Un potere senza il contrappeso del Capo dello Stato

Fissando un diverso modo di elezione del Presidente del Consiglio si crea automaticamente uno squilibrio di potere a vantaggio di questa figura. Situazione temibile, perché rompe un altro delicato meccanismo di pesi e contrappesi sul quale si basa il nostro sistema democratico.

Oggi la Costituzione assegna al Capo dello Stato un importante ruolo di mediazione, di arbitro e di garanzia nella formazione dei governi e nella gestione di situazioni di crisi con prerogative di scelta fra varie ipotesi, che con la riforma sono fisse e obbligate. Di fatto si fa scivolare anche la carica del Capo dello Stato verso un ruolo più notarile. Chi guida il governo potrebbe non avere più bisogno di negoziare le proprie decisioni con altri: né con le camere né con la sua stessa maggioranza, della quale diventerebbe un dominus, grazie alla propria legittimazione diretta, al premio di maggioranza e alla possibilità di ventilare lo spettro dello scioglimento delle Camere.

E ancora: a eleggere il Presidente della Repubblica sarebbe un parlamento fedele al Presidente del Consiglio. Per questo indebolire il ruolo del Capo dello Stato in un momento in cui è riconosciuto dai cittadini come unico punto di riferimento istituzionale stabile, rispetto alla mutevolezza e alla fragilità delle istituzioni più direttamente politiche, è grave e pericoloso. A maggior ragione in una società che, fin troppo divisa e conflittuale, sente fortemente il bisogno di una figura super partes, garante dei valori comuni e dell’unità nazionale.

Governabilità forzosa non è per niente sinonimo di salute della democrazia.

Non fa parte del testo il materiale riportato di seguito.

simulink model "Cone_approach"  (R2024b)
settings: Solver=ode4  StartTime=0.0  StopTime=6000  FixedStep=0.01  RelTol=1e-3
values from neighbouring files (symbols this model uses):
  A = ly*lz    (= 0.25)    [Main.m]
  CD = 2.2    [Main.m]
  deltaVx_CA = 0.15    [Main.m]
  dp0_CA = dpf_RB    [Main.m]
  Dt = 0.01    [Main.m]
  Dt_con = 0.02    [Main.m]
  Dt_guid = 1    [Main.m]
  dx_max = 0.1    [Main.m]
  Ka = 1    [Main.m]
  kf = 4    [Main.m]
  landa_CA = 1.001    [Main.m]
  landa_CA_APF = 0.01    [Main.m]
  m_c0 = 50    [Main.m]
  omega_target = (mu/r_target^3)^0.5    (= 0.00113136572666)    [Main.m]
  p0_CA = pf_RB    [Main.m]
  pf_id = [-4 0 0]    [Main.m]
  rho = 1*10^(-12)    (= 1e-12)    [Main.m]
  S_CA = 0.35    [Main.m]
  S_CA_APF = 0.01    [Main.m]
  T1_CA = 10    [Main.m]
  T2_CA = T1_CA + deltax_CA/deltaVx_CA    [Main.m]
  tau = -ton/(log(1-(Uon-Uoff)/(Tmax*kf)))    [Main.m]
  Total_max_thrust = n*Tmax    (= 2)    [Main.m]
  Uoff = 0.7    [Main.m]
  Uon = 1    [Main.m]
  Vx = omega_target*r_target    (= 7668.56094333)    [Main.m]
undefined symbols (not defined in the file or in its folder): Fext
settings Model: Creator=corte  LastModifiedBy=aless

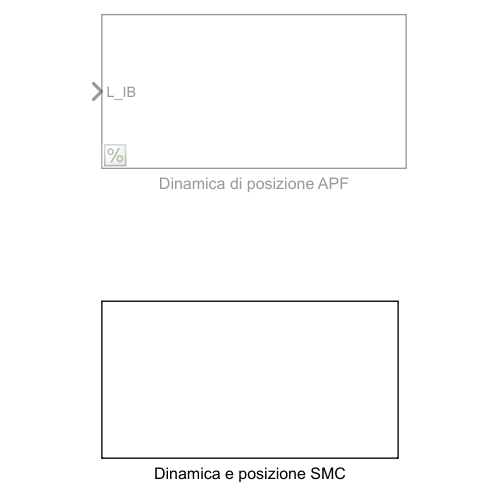
[thumbnail: Simulink's stored preview of the top-level diagram]
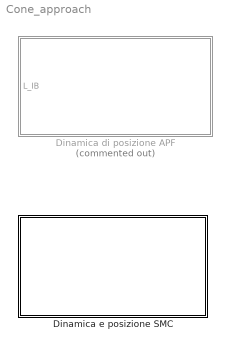
== system Cone_approach ==
  Dinamica di posizione APF : Subsystem  Commented=on
  Dinamica e posizione SMC : Subsystem

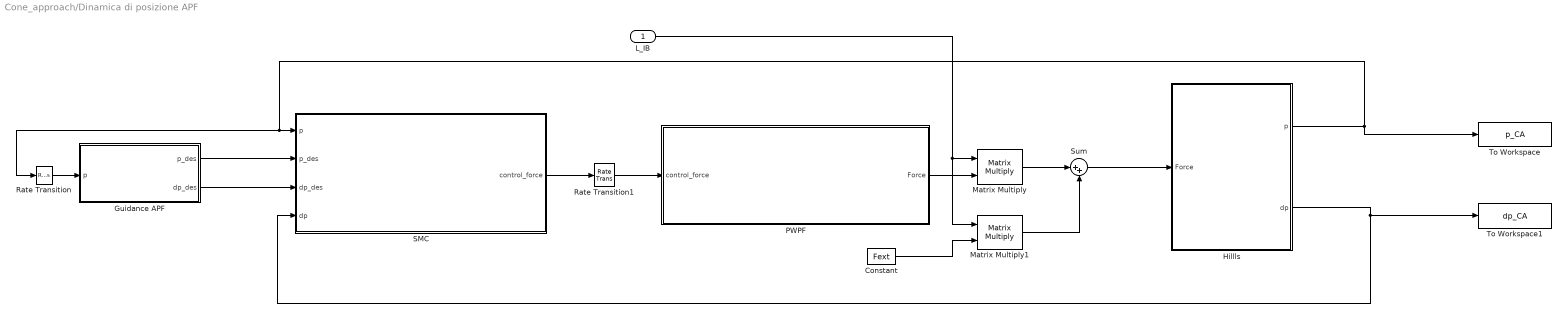
== system Cone_approach/Dinamica di posizione APF ==
  L_IB : Inport
  Constant : Constant  Value=Fext
  Guidance APF : Subsystem
  Hillls : Subsystem
  Matrix Multiply : Product  Multiplication=Matrix(*)
  Matrix Multiply1 : Product  Multiplication=Matrix(*)
  PWPF : Subsystem
  Rate Transition : RateTransition  InitialCondition=Dt  OutPortSampleTime=Dt_guid
  Rate Transition1 : RateTransition  InitialCondition=Dt_con  OutPortSampleTime=Dt
  SMC : Subsystem
  Sum : Sum  Inputs=|++
  To Workspace : ToWorkspace  VariableName=p_CA  SaveFormat=Timeseries  SampleTime=-1
  To Workspace1 : ToWorkspace  VariableName=dp_CA  SaveFormat=Timeseries  SampleTime=-1
  wires:
  Guidance APF/2(dp_des) -> SMC/3(dp_des)
  Hillls/1(p) -> To Workspace/1, Rate Transition/1, SMC/1(p)
  Guidance APF/1(p_des) -> SMC/2(p_des)
  Hillls/2(dp) -> SMC/4(dp), To Workspace1/1
  SMC/1(control_force) -> Rate Transition1/1
  Rate Transition/1 -> Guidance APF/1(p)
  Rate Transition1/1 -> PWPF/1(control_force)
  PWPF/1(Force) -> Matrix Multiply/2
  Matrix Multiply/1 -> Sum/1
  Sum/1 -> Hillls/1(Force)
  L_IB/1 -> Matrix Multiply1/1, Matrix Multiply/1
  Constant/1 -> Matrix Multiply1/2
  Matrix Multiply1/1 -> Sum/2

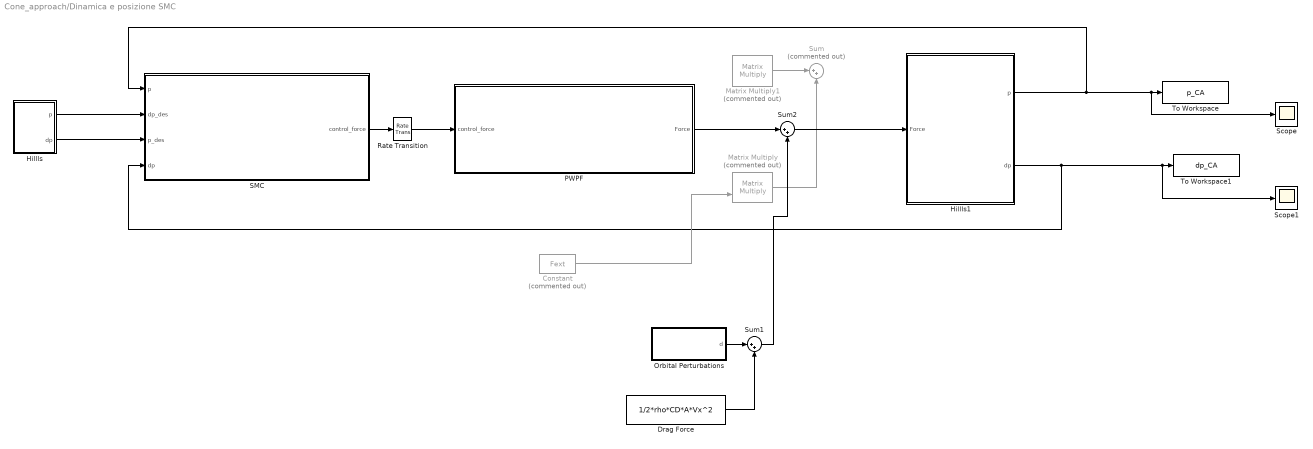
== system Cone_approach/Dinamica e posizione SMC ==
  Constant : Constant  Commented=on  Value=Fext
  Drag Force : Constant  Value=1/2*rho*CD*A*Vx^2
  Hillls : Subsystem
  Hillls1 : Subsystem
  Matrix Multiply : Product  Commented=on  Multiplication=Matrix(*)
  Matrix Multiply1 : Product  Commented=on  Multiplication=Matrix(*)
  Orbital Perturbations : Subsystem
  PWPF : Subsystem
  Rate Transition : RateTransition  InitialCondition=Dt_con  OutPortSampleTime=Dt_guid
  SMC : Subsystem
  Scope : Scope
  Scope1 : Scope
  Sum : Sum  Commented=on  Inputs=|++
  Sum1 : Sum  Inputs=|++
  Sum2 : Sum  Inputs=|++
  To Workspace : ToWorkspace  VariableName=p_CA  SaveFormat=Timeseries  SampleTime=-1
  To Workspace1 : ToWorkspace  VariableName=dp_CA  SaveFormat=Timeseries  SampleTime=-1
  wires:
  Hillls1/1(p) -> Scope/1, To Workspace/1, SMC/1(p)
  Hillls1/2(dp) -> Scope1/1, To Workspace1/1, SMC/4(dp)
  Hillls/1(p) -> SMC/2(dp_des)
  SMC/1(control_force) -> Rate Transition/1
  Hillls/2(dp) -> SMC/3(p_des)
  Rate Transition/1 -> PWPF/1(control_force)
  Constant/1 -> Matrix Multiply/2
  ? -> Matrix Multiply/1, Matrix Multiply1/1  "Aggiungere output controllo"
  Matrix Multiply/1 -> Sum/2
  Matrix Multiply1/1 -> Sum/1
  Sum1/1 -> Sum2/2
  Drag Force/1 -> Sum1/2
  Orbital Perturbations/1(d) -> Sum1/1
  PWPF/1(Force) -> Sum2/1
  Sum2/1 -> Hillls1/1(Force)

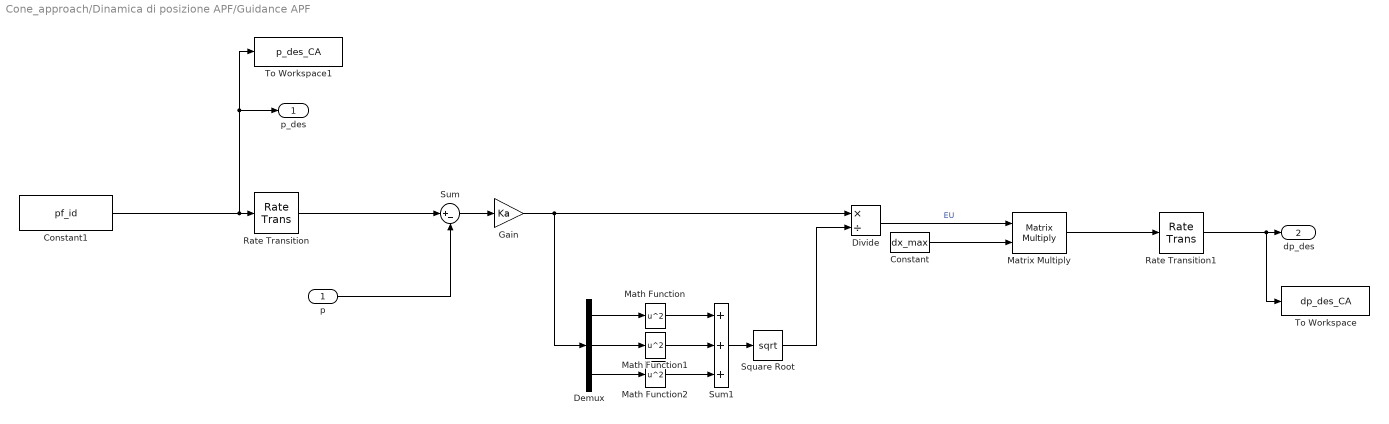
== system Cone_approach/Dinamica di posizione APF/Guidance APF ==
  p : Inport
  Constant : Constant  Value=dx_max
  Constant1 : Constant  Value=pf_id
  Demux : Demux  Outputs=3
  Divide : Product  Inputs=*/
  Gain : Gain  Gain=Ka
  Math Function : Math  Operator=square
  Math Function1 : Math  Operator=square
  Math Function2 : Math  Operator=square
  Matrix Multiply : Product  Multiplication=Matrix(*)
  Rate Transition : RateTransition  InitialCondition=Dt  OutPortSampleTime=Dt_guid
  Rate Transition1 : RateTransition  InitialCondition=Dt_guid  OutPortSampleTime=Dt
  Square Root : Sqrt
  Sum : Sum  Inputs=|+-
  Sum1 : Sum  Inputs=+++
  To Workspace : ToWorkspace  VariableName=dp_des_CA  SaveFormat=Timeseries  SampleTime=-1
  To Workspace1 : ToWorkspace  VariableName=p_des_CA  SaveFormat=Timeseries  SampleTime=-1
  p_des : Outport
  dp_des : Outport  Port=2
  wires:
  Sum/1 -> Gain/1
  p/1 -> Sum/2
  Rate Transition/1 -> Sum/1
  Constant1/1 -> To Workspace1/1, p_des/1, Rate Transition/1
  Gain/1 -> Demux/1, Divide/1
  Demux/1 -> Math Function/1
  Demux/2 -> Math Function1/1
  Demux/3 -> Math Function2/1
  Math Function/1 -> Sum1/1
  Math Function1/1 -> Sum1/2
  Math Function2/1 -> Sum1/3
  Sum1/1 -> Square Root/1
  Square Root/1 -> Divide/2
  Divide/1 -> Matrix Multiply/1  "EU"
  Constant/1 -> Matrix Multiply/2
  Matrix Multiply/1 -> Rate Transition1/1
  Rate Transition1/1 -> To Workspace/1, dp_des/1

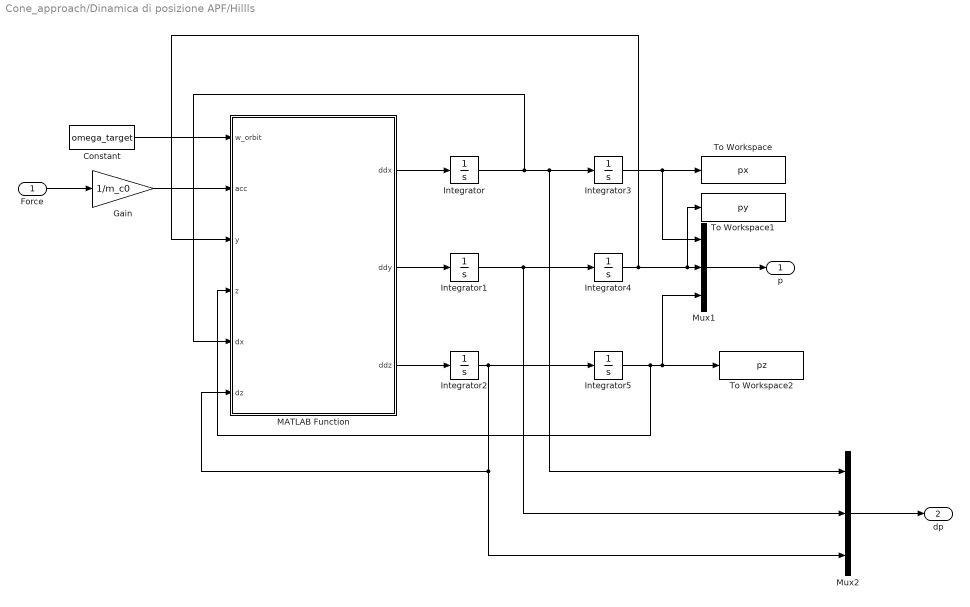
== system Cone_approach/Dinamica di posizione APF/Hillls ==
  Force : Inport
  Constant : Constant  Value=omega_target
  Gain : Gain  Gain=1/m_c0
  Integrator : Integrator  InitialCondition=dp0_CA(1)
  Integrator1 : Integrator  InitialCondition=dp0_CA(2)
  Integrator2 : Integrator  InitialCondition=dp0_CA(3)
  Integrator3 : Integrator  InitialCondition=p0_CA(1)
  Integrator4 : Integrator  InitialCondition=p0_CA(2)
  Integrator5 : Integrator  InitialCondition=p0_CA(3)
  MATLAB Function : MATLAB Function  TreatAsAtomicUnit=on
  Mux1 : Mux  Inputs=3
  Mux2 : Mux  Inputs=3
  To Workspace : ToWorkspace  VariableName=px  SaveFormat=Timeseries  SampleTime=-1
  To Workspace1 : ToWorkspace  VariableName=py  SaveFormat=Timeseries  SampleTime=-1
  To Workspace2 : ToWorkspace  VariableName=pz  SaveFormat=Timeseries  SampleTime=-1
  p : Outport
  dp : Outport  Port=2
  wires:
  Force/1 -> Gain/1
  Gain/1 -> MATLAB Function/2(acc)
  Constant/1 -> MATLAB Function/1(w_orbit)
  MATLAB Function/1(ddx) -> Integrator/1
  Integrator4/1 -> To Workspace1/1, Mux1/2, MATLAB Function/3(y)
  Integrator3/1 -> Mux1/1, To Workspace/1
  Integrator5/1 -> To Workspace2/1, Mux1/3, MATLAB Function/4(z)
  Integrator2/1 -> Integrator5/1, Mux2/3, MATLAB Function/6(dz)
  Integrator/1 -> Mux2/1, Integrator3/1, MATLAB Function/5(dx)
  MATLAB Function/2(ddy) -> Integrator1/1
  Integrator1/1 -> Mux2/2, Integrator4/1
  MATLAB Function/3(ddz) -> Integrator2/1
  Mux1/1 -> p/1
  Mux2/1 -> dp/1

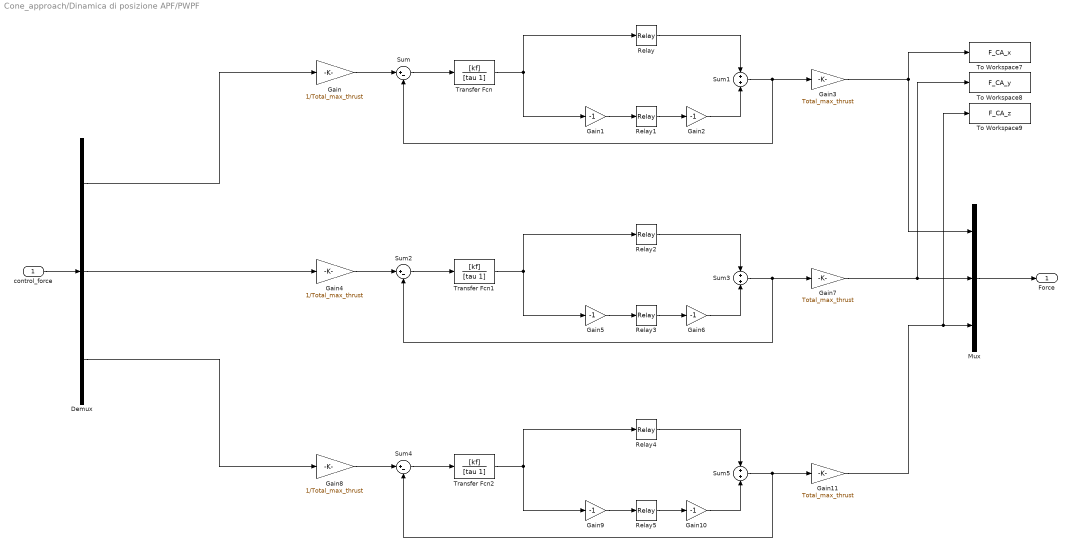
== system Cone_approach/Dinamica di posizione APF/PWPF ==
  control_force : Inport
  Demux : Demux  Outputs=3
  Gain : Gain  Gain=1/Total_max_thrust
  Gain{1..2,5..6,9..10} (6 alike) : Gain  Gain=-1
  Gain11 : Gain  Gain=Total_max_thrust
  Gain3 : Gain  Gain=Total_max_thrust
  Gain4 : Gain  Gain=1/Total_max_thrust
  Gain7 : Gain  Gain=Total_max_thrust
  Gain8 : Gain  Gain=1/Total_max_thrust
  Mux : Mux  Inputs=3
  Relay{,1..5} (6 alike) : Relay  OnSwitchValue=Uon  OffSwitchValue=Uoff
  Sum : Sum  Inputs=|+-
  Sum1 : Sum
  Sum2 : Sum  Inputs=|+-
  Sum3 : Sum
  Sum4 : Sum  Inputs=|+-
  Sum5 : Sum
  To Workspace7 : ToWorkspace  VariableName=F_CA_x  SaveFormat=Timeseries  SampleTime=-1
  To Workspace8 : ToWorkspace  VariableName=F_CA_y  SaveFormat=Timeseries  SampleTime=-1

La Carta Costituzionale saggiamente non impone alcun modello elettorale e lascia al parlamento piena discrezionalità nella scelta dei singoli sistemi elettorali con legge ordinaria. La riforma Meloni rompe questa impostazione con l’assegnazione in Costituzione di un premio di maggioranza che garantisce il 55% dei seggi in ciascuna camera alle liste e ai candidati collegati al Presidente del Consiglio vincente, dimenticandosi totalmente di inserire un solido quorum minimo a garanzia del principio di rappresentatività, che viene solo citato come riferimento per una futura legge elettorale. In tal modo contribuisce a delineare un modello in cui la stabilità di una persona e del suo governo prevale su tutto a costo di sacrificare l’equilibrio dei poteri e il principio supremo della rappresentatività. Il rischio che si possa governare il Paese blindati da un premio di maggioranza costituzionalmente garantito avendo ottenuto solo il 30% dei consensi può diventare realtà.

Democrazia non è plebiscitarismo

Con questa impostazione della riforma si può ben dire che la visione di democrazia sottesa al premierato elettivo è frutto di una concezione della politica come delega di potere ad un capo investito della funzione istituzionale ogni 5 anni, o quando ce ne fosse bisogno in caso di crisi. Un capo al quale non è stato posto nemmeno il limite dei due mandati come antidoto istituzionale alla prolungata concentrazione di potere in una sola persona. Limite, questo, in genere, stabilito negli Stati democratici, in cui è prevista l’elezione diretta del Presidente al fine di salvaguardare quei principi di equilibrio e divisione dei poteri che caratterizzano le democrazie occidentali.

La pericolosa accoppiata:

premierato elettivo e autonomia differenziata delle Regioni

L’obiettivo del governo è far approvare la riforma costituzionale dalle due camere, in prima lettura, entro le elezioni europee, con l’impegno di far approvare contestualmente, almeno in un ramo del Parlamento, come sta avvenendo, l’autonomia differenziata delle Regioni.

Più potere del governo centrale da un lato compensato da una maggiore autonomia delle Regioni dall’altro. Una ricetta semplicistica e superficiale dell’assetto istituzionale che non tiene in considerazione il pericolo maggiore insito in entrambe le riforme: la disgregazione dell’unità nazionale.